Bates Motel – Season 5, Episode 10: “The Cord”

A&E’s Bates Motel
Season 5, Episode 10: “The Cord”
Directed by Tucker Gates
Written by Kerry Ehrin & Carlton Cuse

* For a recap & review of the penultimate episode, “Visiting Hours” – click here
Pic 1Here we are at the series finale! The title of the episode refers to Norman Bates (Freddie Highmore) talking to Mother (Vera Farmiga) about “the cord” between their hearts connecting them. Well, I bet it’s about to be cut, or snap in two. One way or another.
Alex Romero (Nestor Carbonell) has Regina (Aliyah O’Brien) and Norman in the car, heading to where the young man put Norma while he was off taking care of everything else. No telling how far the vengeance will go, or if it’ll even happen. Who knows where any of this is headed.
I know it’s nowhere any good. He lets Regina go, then he and Norman are left to trek in the woods by themselves.
Pic 1ASheriff Jane Greene (Brooke Smith) is picking up the pieces after Romero’s daring break-in to find the object of his revenge. She brings Dylan (Max Thieriot) in to tell him what happened, as well as to try figuring out where they may be gone. “He took him somewhere to kill him,” says Dylan with grim confidence.
What’s super interesting about the back half of this final season is how the older brother is concerned for the younger’s mental health. He knows he’s dangerous, but also there’s the knowledge that Norman is mentally ill; there is something wrong with him and there has been a LONG TIME. No one ever helped, Mother made it worse, now he’s a lost cause. Much like real life many want to only concern themselves with the crime, instead of paying attention to the terrible reasons for why it happened. And not always as easy done as said, which Dylan understands.
In the snowy woods Romero starts seeing the disconnect in Norman’s brain, between him and Mother. Although, unfortunately, he doesn’t quite comprehend it yet. Not enough to save him, as Mother takes over duties and remedies their situation. Once Alex helps uncover the cold corpse of Mrs. Bates he lets his guard down long enough to get himself killed by having his head smashed followed by a couple bullets from his own gun. In his dying words the former sheriff taunts, and Mother comes to tell Norman she has to leave. There’s no longer any need for her to protect him.
The cord’s been cut.
Romero: “You killed your own mother. You cant hide from it.”

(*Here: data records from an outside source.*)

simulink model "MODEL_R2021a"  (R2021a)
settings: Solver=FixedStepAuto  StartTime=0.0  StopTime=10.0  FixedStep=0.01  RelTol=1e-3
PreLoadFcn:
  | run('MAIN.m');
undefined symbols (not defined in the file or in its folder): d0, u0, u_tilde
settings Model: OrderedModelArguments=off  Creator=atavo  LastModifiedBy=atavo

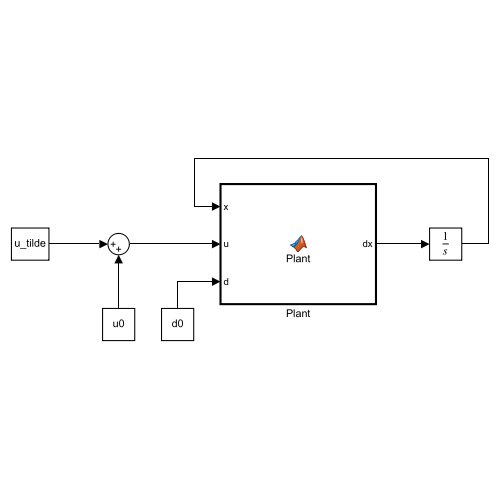
[thumbnail: Simulink's stored preview of the top-level diagram]
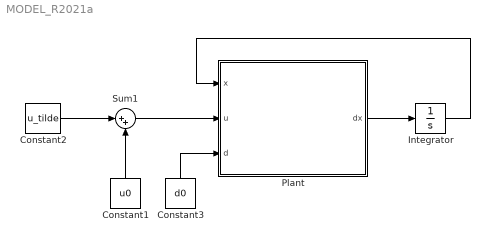
== system MODEL_R2021a ==
  Constant1 : Constant  Value=u0
  Constant2 : Constant  Value=u_tilde
  Constant3 : Constant  Value=d0
  Integrator : Integrator
  Plant : MATLAB Function  TreatAsAtomicUnit=on
  Sum1 : Sum  Inputs=|++
  wires:
  Plant/1(dx) -> Integrator/1
  Integrator/1 -> Plant/1(x)
  Sum1/1 -> Plant/2(u)
  Constant1/1 -> Sum1/2
  Constant2/1 -> Sum1/1
  Constant3/1 -> Plant/3(d)

== matlab function MODEL_R2021a/Plant ==
  data: x input; dx output; u input; d input
function dx = Plant(x,u,d)

    global rho S v0 Cx N_wheels CR
    global g Cy rk r_x r_y r_z m J
    
    g   = 9.81;                         % [m/s^2] gravity acceleration
    rho = 1.225;                        % [kg/m^3] air density
    Cx  = 0.3;                          % drag coefficient 
    Cy  = 0.3;                          % drag coefficient
    rk  = 1;                            % dry asphalt
    v0  = 50/3.6;
    
    r_x = [1.4 1.4 -1.6 -1.6];
    r_y = [0.9 -0.9 0.9 -0.9];
    r_z = 0.70;
    S   = 2.4;                          % [m^2] cross surface
    m   = 1200;                         % [kg] vehicle mass
    J   = m*(r_x(4)^2+r_y(1)^2)^2;      % Vehicle inertia
    
    CR = 0.05;                          % coefficiente attrito resistenza delle ruote

    posin_x     = x(1);
    posin_y     = x(2);
    v_x         = x(3);
    v_y         = x(4);
    omega       = x(5);
    psi         = x(6);

    AeroForce   = 0.5*rho*S *[(v_x^2)*Cx
                              (v_y^2)*Cy];

    mu_body     = zeros(2,4);
    f_x_wheels  = zeros(1,4);
    f_y_wheels  = zeros(1,4);

for i = 1:4

    Rot_btow        = [+cos(delta_w(i)) sin(delta_w(i))
                       -sin(delta_w(i)) cos(delta_w(i))];
    
    V_wheels        = Rot_btow*([-omega*r_y(i) ; omega*r_x(i)] + [v_x ; v_y]);

    beta_wheel      = atan(V_wheels(2)/V_wheels(1));
   
    mu_lambda       = mu_long(rk, lambdas(i));                                 % Dry asphalt
    mu_beta         = mu_long(rk, beta_wheel);                                 % Dry asphalt
    
    mu_body(1,i)    = mu_lambda;
    mu_body(2,i)    = mu_beta;
    
end
    
    N               = m*g;
    
    H               = [ones(1,4)
                        -r_x
                         r_y   ];
    
    N_wheels        = pinv(H) * [         N
                                  0.5*rho*(v_x^2)*S*Cx*r_z
                                          0                ];

for i = 1:4
    f_x_wheels(i) = + N_wheels(i)*mu_body(1,i);
    f_y_wheels(i) = - N_wheels(i)*mu_body(2,i);

    f_x     = f_x + (cos(delta_w(i))*f_x_wheels(i) -sin(delta_w(i))*f_y_wheels(i));
    f_y     = f_y + (sin(delta_w(i))*f_x_wheels(i) +cos(delta_w(i))*f_y_wheels(i));
    tau     = tau + (sin(delta_w(i))*f_y_wheels(i) -cos(delta_w(i))*f_x_wheels(i))*r_y(i) + (sin(delta_w(i))*f_x_wheels(i) +cos(delta_w(i))*f_y_wheels(i))*r_x(i);
end 

dv_x        = (f_x + (m*omega*v_y) - (0.5*rho*S*(v^2)*Cx))/m;
dv_y        = (f_y - (m*omega*v_x))/m;
domega      = tau/J;

dx          = [v_x*cos(psi)
               v_y*sin(psi)
               dv_x
               dv_y
               domega
               omega];                                                      % Derivata degli stati

end

function mu = mu_long(i,lambda) %12.1d

% 1) Dry asphalt
% 2) wet asphalt
% 3) Snow
% 4) Ice
% 5) Dry Cobblestone
% 6) wet cobblestone
theta1 = [1.28 0.86 0.19 0.05 1.37 0.4];
theta2 = [23.99 33.82 94.13 306.39 6.46 33.71];
theta3 = [0.52 0.35 0.05 0 0.67 0.12];

mu = sign(lambda).*theta1(i).*(1-exp(-abs(lambda)*theta2(i)))-theta3(i)*lambda;
end
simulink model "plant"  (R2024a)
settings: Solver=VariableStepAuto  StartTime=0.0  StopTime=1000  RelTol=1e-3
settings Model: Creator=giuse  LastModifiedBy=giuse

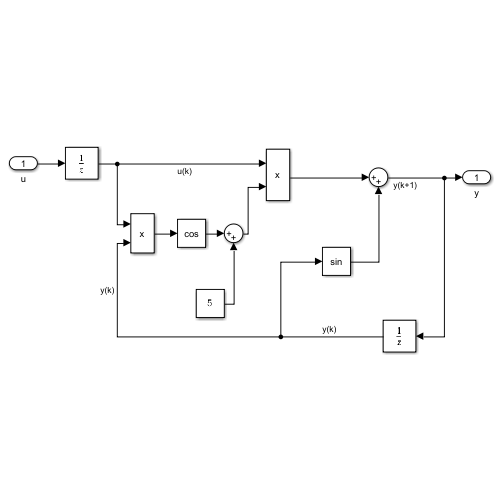
[thumbnail: Simulink's stored preview of the top-level diagram]
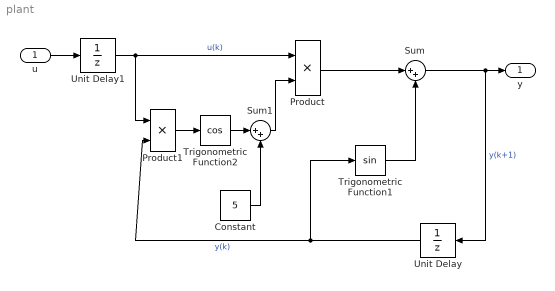
== system plant ==
  u : Inport
  Constant : Constant  Value=5
  Product : Product  RndMeth=Zero
  Product1 : Product  RndMeth=Zero
  Sum : Sum  Inputs=|++
  Sum1 : Sum  Inputs=|++
  Trigonometric Function1 : Trigonometry
  Trigonometric Function2 : Trigonometry  Operator=cos
  Unit Delay : UnitDelay
  Unit Delay1 : UnitDelay
  y : Outport
  wires:
  Trigonometric Function2/1 -> Sum1/1
  u/1 -> Unit Delay1/1
  Product/1 -> Sum/1
  Trigonometric Function1/1 -> Sum/2
  Sum/1 -> Unit Delay/1, y/1  "y(k+1)"
  Product1/1 -> Trigonometric Function2/1
  Constant/1 -> Sum1/2
  Unit Delay/1 -> Trigonometric Function1/1, Product1/2  "y(k)"
  Sum1/1 -> Product/2
  Unit Delay1/1 -> Product1/1, Product/1  "u(k)"

Norman wakes up to Mother, next to him in bed. Things are bright and sunny and beautiful. She isn’t dead, they’re together. She makes breakfast for them. Only it’s all illusion; or, better put, delusion. He’s still in the snow bleeding, remembering happier times with Mother before they moved away from their old home. What a creepy sequence. As if he and Mother are first heading to White Pine Bay all over again, the beginning of a new life.
After all the horror, Norman Bates has gone back home.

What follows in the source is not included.